As you might aware that I have skipped the datasets part in the first :smiley:, since we have just introduced batch augmentation. Unlike the traditional augmentation strategy (to include transformations in Datasets implementation), we would recommend to put the image augmentation computations into the next stage. For example:

# Define the augmentation
augment = AugmentationSequential(
    K.ColorJitter(0.1, 0.1, 0.1, 0.1, p=1.0),
    K.RandomAffine(360, [0.1, 0.1], [0.7, 1.2], [30., 50.], p=1.0),
    data_keys=["input", "bbox"]
# Define the model
model = torchvision.models.resnet50()
# Define a more "end-to-end" model
model = nn.Sequential(
    K.Normalize([0.5, 0.5, 0.5], [0.6, 0.6, 0.6]),

As a result, this adaptation can be very convenience for lots of daily routines. Say:

# For training ...
out_tensors = augment(img_tensor, bbox)
# For testing ...

Save and load without thinking about preprocessing:"")
model = torch.load("")
# No need to think about normalize, since it has been done already in the saved model.

By far, I think Kornia augmentation has resolved most issues you are facing. Let us know if anything!


Thanks, this is great! I just submitted an application for the PyTorch Slack. Will contact you to set up a meeting with myself and some other folks at Microsoft Research who are working with me on this.

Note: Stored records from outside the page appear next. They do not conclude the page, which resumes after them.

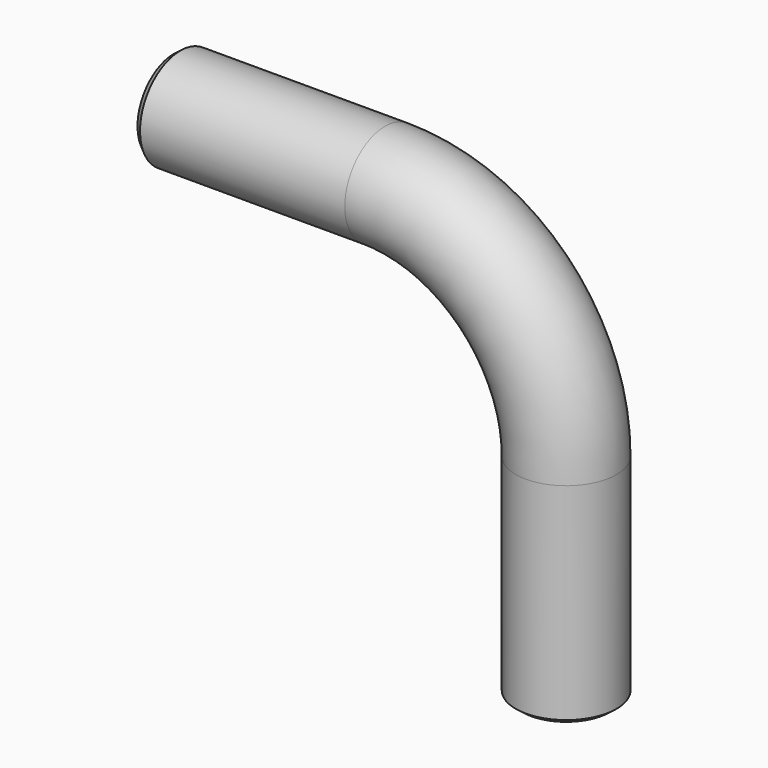
from build123d import *

# Parameters (mm, degrees)
F0_R        = 5
F0_R_2      = 4
F3_C1_SIZE2 = 0.6516126864
F3_C1_SIZE  = 0.5
F3_C2_SIZE2 = 0.5
F3_C2_SIZE  = 0.6516126864


with BuildPart() as f2:
    # F2: sweep along a path in F1
    with BuildLine(Plane.XZ) as f2_path:
        Line((0, 0), (0, 21))
        ThreePointArc((0, 21), (-5.2720779386, 33.7279220614), (-18, 39))
        Line((-18, 39), (-39, 39))
    # F0 (on Top) → F2 (sweep)
    with BuildSketch(Plane.XY):
        Circle(F0_R)
        Circle(F0_R_2, mode=Mode.SUBTRACT)
    sweep(path=f2_path.line)

    # F3: chamfer of 0.5 x 0.6516126864 on 2 edges, made by hand

    # F3_c1
    f3_c1_edges = [f2.edges().sort_by_distance(p)[0] for p in [
        (-5, 0, 0),
    ]]
    f3_c1_side = f2.faces().sort_by_distance((-5, 0, 0.01))[0]
    chamfer(f3_c1_edges, length=F3_C1_SIZE, length2=F3_C1_SIZE2, reference=f3_c1_side)

    # F3_c2
    f3_c2_edges = [f2.edges().sort_by_distance(p)[0] for p in [
        (-39, 0, 34),
    ]]
    f3_c2_side = f2.faces().sort_by_distance((-38.99, 0, 34))[0]
    chamfer(f3_c2_edges, length=F3_C2_SIZE, length2=F3_C2_SIZE2, reference=f3_c2_side)


solid = f2.part

I can’t say I’m completely familiar with DataPipes, but I’ll take a look at that. It sounds like we’re in agreement that Datasets should return dicts and that transforms should accept Tensors (especially for my multi-spectral imagery application). @pmeier I would be very interested to know your thoughts on standard dict key names for this.

1 Like

I’ve never heard of Kornia, this is really interesting. I especially like the ability to invert augmentation sequences. The ability to save augmentation as part of the model is also interesting, and further emphasizes the need to subclass nn.Module so that these models/transforms can be exported to ONNX. I’ll keep this in mind!

1 Like

The augmentation module in kornia it’s just an extension of the package. Our main focus is low level computer vision more for industrial and robotics applications in terms of differentiable tensors. We inherit a lot from OpenCV (and soon more) and in the long term we also target to express vision algorithms in a “symbolic” way as you mention with technologies like onnx or similar.


I would be very interested to know your thoughts on standard dict key names for this.

There is currently no consensus on that. We have some ideas though. Maybe I can join the call and we can discuss this there a little.

For anyone following this discussion, TorchGeo has now been made public: GitHub - microsoft/torchgeo: TorchGeo: datasets, transforms, and models for geospatial data

We’re hoping to put out a release sometime in the 1 month timeframe. So far things are mostly in the old style (Dataset instead of DataPipes), but we’re less concerned about backwards compatibility so we can always change this at a later date.